Many people who are affiliated with Christianity are opposed to the idea of same-sex relationships due to the interpretation that it violates teachings in the Bible. David P. Gushee, a professor of Christian ethics at Mercer University, discusses the most-referenced bible verses regarding the Christian ban on homosexuality in Evangelical Christianity and how they are interpreted in Reconciling Evangelical Christianity with Out Sexual Minorities: Reframing the Biblical Discussion. There are six main verses that are used to reference the intolerance of homosexuality in Christianity: Genesis 1-2, Genesis 19, Leviticus 18:22, Matthew 19:1, Romans 1:26, and Corinthians 6:9 (Gushee 145). Evangelical Christians associate these verses with a male and female paradigm being the only acceptable form of relationship in society. The texts are often centered around sexual acts rather than relationships and offer harsh language towards the acts (Gushee 146). However, they do not relate to modern sexual identity and orientation. Gushee concludes his essay with the idea that many Evangelical Christians draw a moral line that causes people to be driven away from the church and God (Gushee 153). In The Bible on Homosexuality: Exploring Its Meaning and Authority, Kenneth A. Locke, a professor at Hsi Lai University, explains the importance the Bible has on morals for Christians, including homosexuality. The Bible is the fundamental resource for many Christians when it comes to inspiration and guidance. The Bible is still relevant because it can be related to life today, but still lacks information on social issues that are more prominent now than they were when the text was written (Locke 126). Locke also explains the biblical verses in relation to the historical and cultural context, discussing how many translated words are potential errors and how they can be interpreted in many ways. Many Christians can interpret biblical texts differently, causing some Christians to either oppose or accept homosexuality.
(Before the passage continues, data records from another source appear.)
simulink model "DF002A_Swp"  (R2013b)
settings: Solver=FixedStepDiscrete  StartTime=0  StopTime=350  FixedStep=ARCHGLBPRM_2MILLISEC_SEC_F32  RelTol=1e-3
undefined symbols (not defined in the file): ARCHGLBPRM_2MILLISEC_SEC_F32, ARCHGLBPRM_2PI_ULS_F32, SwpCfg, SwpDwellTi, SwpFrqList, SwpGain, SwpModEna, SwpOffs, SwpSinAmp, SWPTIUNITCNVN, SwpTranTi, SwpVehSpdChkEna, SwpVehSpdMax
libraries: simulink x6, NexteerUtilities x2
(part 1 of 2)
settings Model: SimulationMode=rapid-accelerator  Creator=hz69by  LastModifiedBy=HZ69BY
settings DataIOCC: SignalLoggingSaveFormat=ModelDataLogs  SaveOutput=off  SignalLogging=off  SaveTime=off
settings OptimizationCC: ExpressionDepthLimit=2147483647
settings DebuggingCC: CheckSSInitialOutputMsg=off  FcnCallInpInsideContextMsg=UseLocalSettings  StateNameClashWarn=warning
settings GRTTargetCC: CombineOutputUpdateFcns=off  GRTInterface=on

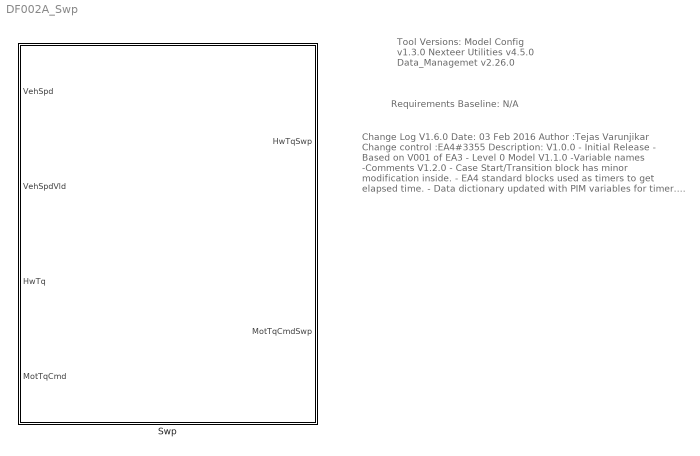
== system DF002A_Swp ==
  note: Requirements Baseline: N/A
  note: Tool Versions:
      |
      | Model Config v1.3.0
      | Nexteer Utilities v4.5.0
      | Data_Managemet v2.26.0
  note: Change Log
      | V1.6.0
      | Date: 03 Feb 2016
      | Author :Tejas Varunjikar
      | Change control :EA4#3355
      |
      | Description:
      | V1.0.0
      | - Initial Release
      | - Based on V001 of EA3
      | - Level 0 Model
      |
      | V1.1.0
      | -Variable names
      | -Comments
      |
      | V1.2.0
      | - Case Start/Transition block has minor modification inside.
      | - EA4 standard blocks used as timers to get elapsed time.
      | - Data dictionary updated with PIM variables for timer. dSwpSwtSt name updated.
      |
      | V1.3.0
      | - Changed switch-case logic placement
      | - Added data store blocks to handle multiple variables
      |
      | V1.4.0
      | - Deleted un-necessary requirements links present in the model
      | - Missing constant SWPTIUNITCNVN added back
      | - Other minor changes
      |
      | V1.5.0
      | - SwpSinAmp made "User Manipulated Variable" in data dictionary
      | - 2nd output name changed to "MotTqCmdSwp" from "MotTqSwp" to match
      | latest NexteerAvailable Signals (EA4) list.
      |
      | V1.6.0
      | - No change in model
      | - Change in data dictionary for SWPENA variable
  Swp : Subsystem

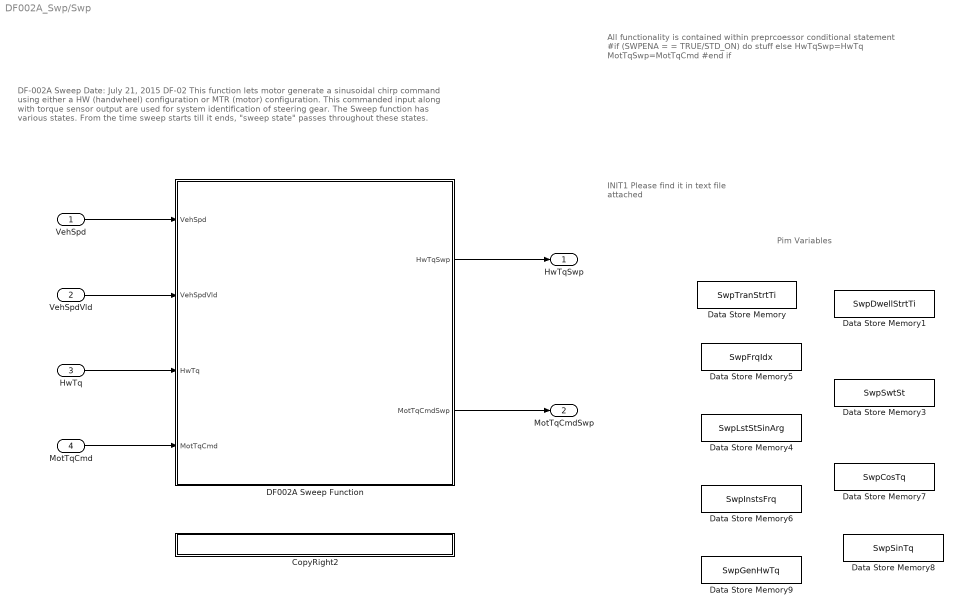
== system DF002A_Swp/Swp ==
  note: Pim Variables
  note: All functionality is contained within preprcoessor conditional statement
      | #if (SWPENA = = TRUE/STD_ON)
      | do stuff
      | else
      | HwTqSwp=HwTq
      | MotTqSwp=MotTqCmd
      | #end if
  note: INIT1
      | Please find it in text file attached
  note: DF-002A  Sweep                                    																 Date: July 21, 2015
      |
      |
      | DF-02
      | This function lets motor generate a sinusoidal chirp command using either a HW (handwheel) configuration or MTR (motor)
      | configuration. This commanded input along with torque sensor output are used for system identification of steering gear.
      |
      | The Sweep function has various states. From the time sweep starts till it ends, "sweep state" passes throughout these states.
  VehSpd : Inport
  VehSpdVld : Inport  Port=2
  HwTq : Inport  Port=3
  MotTqCmd : Inport  Port=4
  CopyRight2 : Subsystem  Description=|  mask(Copyright Information){none=on}
      | Copyright info block.                                               
      |                                                                     
      | Place copyright information at the top of every subsystem in design.
      mask prompts: none "No parameters"
      mask help: Place copyright information at the top of every subsystem in design.
      mask Display:
      | NxtrConf = 'Nexteer Confidential';
      | 
      | sys = bdroot; %handle for the current model ("system")
      | first = get_param(sys,'Created');
      | first = first(end-3:end);  %year is last four digits
      | 
      | last = get_param(sys,'LastModifiedDate');
      | if isempty(last)
      |     last = datestr(now,'yyyy');
      | else
      |     last = last(end-3:end);
      | end
      | 
      | if strcmp(first,last)
      |     fprintf('%s -- Copyright %s Nexteer',NxtrConf,first)
      | else
      |     fprintf('%s -- %s%s- %s Nexteer',NxtrConf,char(169),first,last)
      | end
  DF002A Sweep Function : Subsystem
  Data Store Memory : DataStoreMemory  DataStoreName=SwpTranStrtTi  ReadBeforeWriteMsg=warning  WriteAfterWriteMsg=warning  WriteAfterReadMsg=warning
  Data Store Memory1 : DataStoreMemory  DataStoreName=SwpDwellStrtTi  ReadBeforeWriteMsg=warning  WriteAfterWriteMsg=warning  WriteAfterReadMsg=warning
  Data Store Memory3 : DataStoreMemory  DataStoreName=SwpSwtSt  ReadBeforeWriteMsg=warning  WriteAfterWriteMsg=warning  WriteAfterReadMsg=warning
  Data Store Memory4 : DataStoreMemory  DataStoreName=SwpLstStSinArg  ReadBeforeWriteMsg=warning  WriteAfterWriteMsg=warning  WriteAfterReadMsg=warning
  Data Store Memory5 : DataStoreMemory  DataStoreName=SwpFrqIdx  ReadBeforeWriteMsg=warning  WriteAfterWriteMsg=warning  WriteAfterReadMsg=warning  InitialValue=1
  Data Store Memory6 : DataStoreMemory  DataStoreName=SwpInstsFrq  ReadBeforeWriteMsg=warning  WriteAfterWriteMsg=warning  WriteAfterReadMsg=warning
  Data Store Memory7 : DataStoreMemory  DataStoreName=SwpCosTq  ReadBeforeWriteMsg=warning  WriteAfterWriteMsg=warning  WriteAfterReadMsg=warning
  Data Store Memory8 : DataStoreMemory  DataStoreName=SwpSinTq  ReadBeforeWriteMsg=warning  WriteAfterWriteMsg=warning  WriteAfterReadMsg=warning
  Data Store Memory9 : DataStoreMemory  DataStoreName=SwpGenHwTq  ReadBeforeWriteMsg=warning  WriteAfterWriteMsg=warning  WriteAfterReadMsg=warning
  HwTqSwp : Outport
  MotTqCmdSwp : Outport  Port=2
  wires:
  VehSpd/1 -> DF002A Sweep Function/1(VehSpd)
  VehSpdVld/1 -> DF002A Sweep Function/2(VehSpdVld)
  HwTq/1 -> DF002A Sweep Function/3("HwTq ")
  MotTqCmd/1 -> DF002A Sweep Function/4(MotTqCmd)
  DF002A Sweep Function/1(HwTqSwp) -> HwTqSwp/1
  DF002A Sweep Function/2("MotTqCmdSwp ") -> MotTqCmdSwp/1

== system DF002A_Swp/Swp/CopyRight2 ==

== system DF002A_Swp/Swp/DF002A Sweep Function ==
  VehSpd : Inport
  VehSpdVld : Inport  Port=2
  "HwTq " : Inport  Port=3
  MotTqCmd : Inport  Port=4
  " SwpPer1" : Subsystem
  SwpPer2 : Subsystem
  Zero-Order Hold{1..2,5..6} (4 alike) : ZeroOrderHold  SampleTime=ARCHGLBPRM_2MILLISEC_SEC_F32
  HwTqSwp : Outport
  "MotTqCmdSwp " : Outport  Port=2
  wires:
  " SwpPer1"/2(Sine Torque) -> [SwpSinTq]
  " SwpPer1"/1(OutputHwTrq) -> HwTqSwp/1
  VehSpd/1 -> Zero-Order Hold1/1
  VehSpdVld/1 -> Zero-Order Hold2/1
  "HwTq "/1 -> Zero-Order Hold5/1
  SwpPer2/1(OutputMtrTrq) -> "MotTqCmdSwp "/1
  MotTqCmd/1 -> Zero-Order Hold6/1
  [SwpSinTq] -> SwpPer2/1(SweepTorque)
  Zero-Order Hold1/1 -> " SwpPer1"/1(VehSpd)
  Zero-Order Hold2/1 -> " SwpPer1"/2(VehSpdVld)
  Zero-Order Hold5/1 -> " SwpPer1"/3(InputHwTrq)
  Zero-Order Hold6/1 -> SwpPer2/2(InputMtrTrq)

== system DF002A_Swp/Swp/DF002A Sweep Function/ SwpPer1 ==
  note: This constant defined as a
      | PIM in data dictionary
  note: This constant defined as a
      | PIM in data dictionary
  note: This part of the code generates the sinusoidal sweep signal , and
      | also handles logic associated with the sweep process.
      |
      | This is done regardless of the SweepConfig (HW or MTR). SweepConfig just decides
      |  where to pass the SweepTorque signal calculated. MTR (1) config is default.
      |
      | Once the GenHwTrq is TRUE (1) and VehSpd conditions are satisfied, algorithm
      | transitions between various Sweep State cases (0 to 5), to carry out sweep process.
      |
      | It typically takes more than 320 seconds for whole sweep process to get complete.
      | After sweep is completed, GenHwTrq is defaulted back to 0 (inactive mode).
  VehSpd : Inport
  VehSpdVld : Inport  Port=2
  InputHwTrq : Inport  Port=3
  Check GenHwTrq and VehSpd : Subsystem
  Constant4 : Constant  Value=SwpModEna
  Constant5 : Constant  Value=SwpCfg
  Final Output : Subsystem
  S1 : DataStoreRead  DataStoreName=SwpSinTq
  S3 : DataStoreRead  DataStoreName=SwpSinTq
  S5 : DataStoreRead  DataStoreName=SwpGenHwTq
  Static_Limit : NexteerUtilities/Static_Limit  uprlim=SWPHWTQHILIM  lwrlim=SWPHWTQLOLIM
      settings: AttributesFormatString=|
      | Upper Limit:%<uprlim>
      | Lower Limit:%<lwrlim>
  OutputHwTrq : Outport
  Sine Torque : Outport  Port=2
  wires:
  Final Output/1(OutputHwTrq_HwNm) -> Static_Limit/1  "OutputHwTrq_HwNm"
  S3/1 -> Sine Torque/1
  Constant4/1 -> Final Output/1(SweepModeEn_Cnt)
  Constant5/1 -> Final Output/2(SweepConfig_Cnt)
  S1/1 -> Final Output/3(SweepTorque_HwNm)
  InputHwTrq/1 -> Final Output/4(InputHwTrq_HwNm)
  S5/1 -> Check GenHwTrq and VehSpd/1(GenHwTrq)
  VehSpdVld/1 -> Check GenHwTrq and VehSpd/3(VehSpdValid)  "VehSpdVld"
  VehSpd/1 -> Check GenHwTrq and VehSpd/2(VehSpd_kph)  "VehSpd"
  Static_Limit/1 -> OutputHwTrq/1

Another factor that causes a division between homosexuality and Christianity is the different views Christians have on homosexuality. Many Christians are taught to have certain beliefs on issues throughout society, including homosexuality, depending on who they are surrounded with and who they are raised by. Dawne Moon, a professor in the Department of Social and Cultural Sciences at Marquette University, discusses the different views religious Christians have towards homosexuality in Beyond the Dichotomy: Six Religious Views of Homosexuality. There are two main sides to the argument consisting of the belief that an individual is born homosexual, and the belief that sexual orientation can and should be changed (Moon 1216). However, Christian views can be further divided into homonegative, moderate, and homopositive. Homonegative Christians view homosexuality as sinful and an abomination while homopositive ones view it as good and just. Moderate Christians have both negative and positive views towards the issue (Moon 1218). The difference in views shows how there is no one universal belief regarding homosexuality in Christianity. There are many ways to disprove both arguments for and against homosexuality; therefore, a Christian's view will be up to the individual's interpretation and beliefs. The varying views Christians have on homosexuality creates a division because there is not one common belief on the matter.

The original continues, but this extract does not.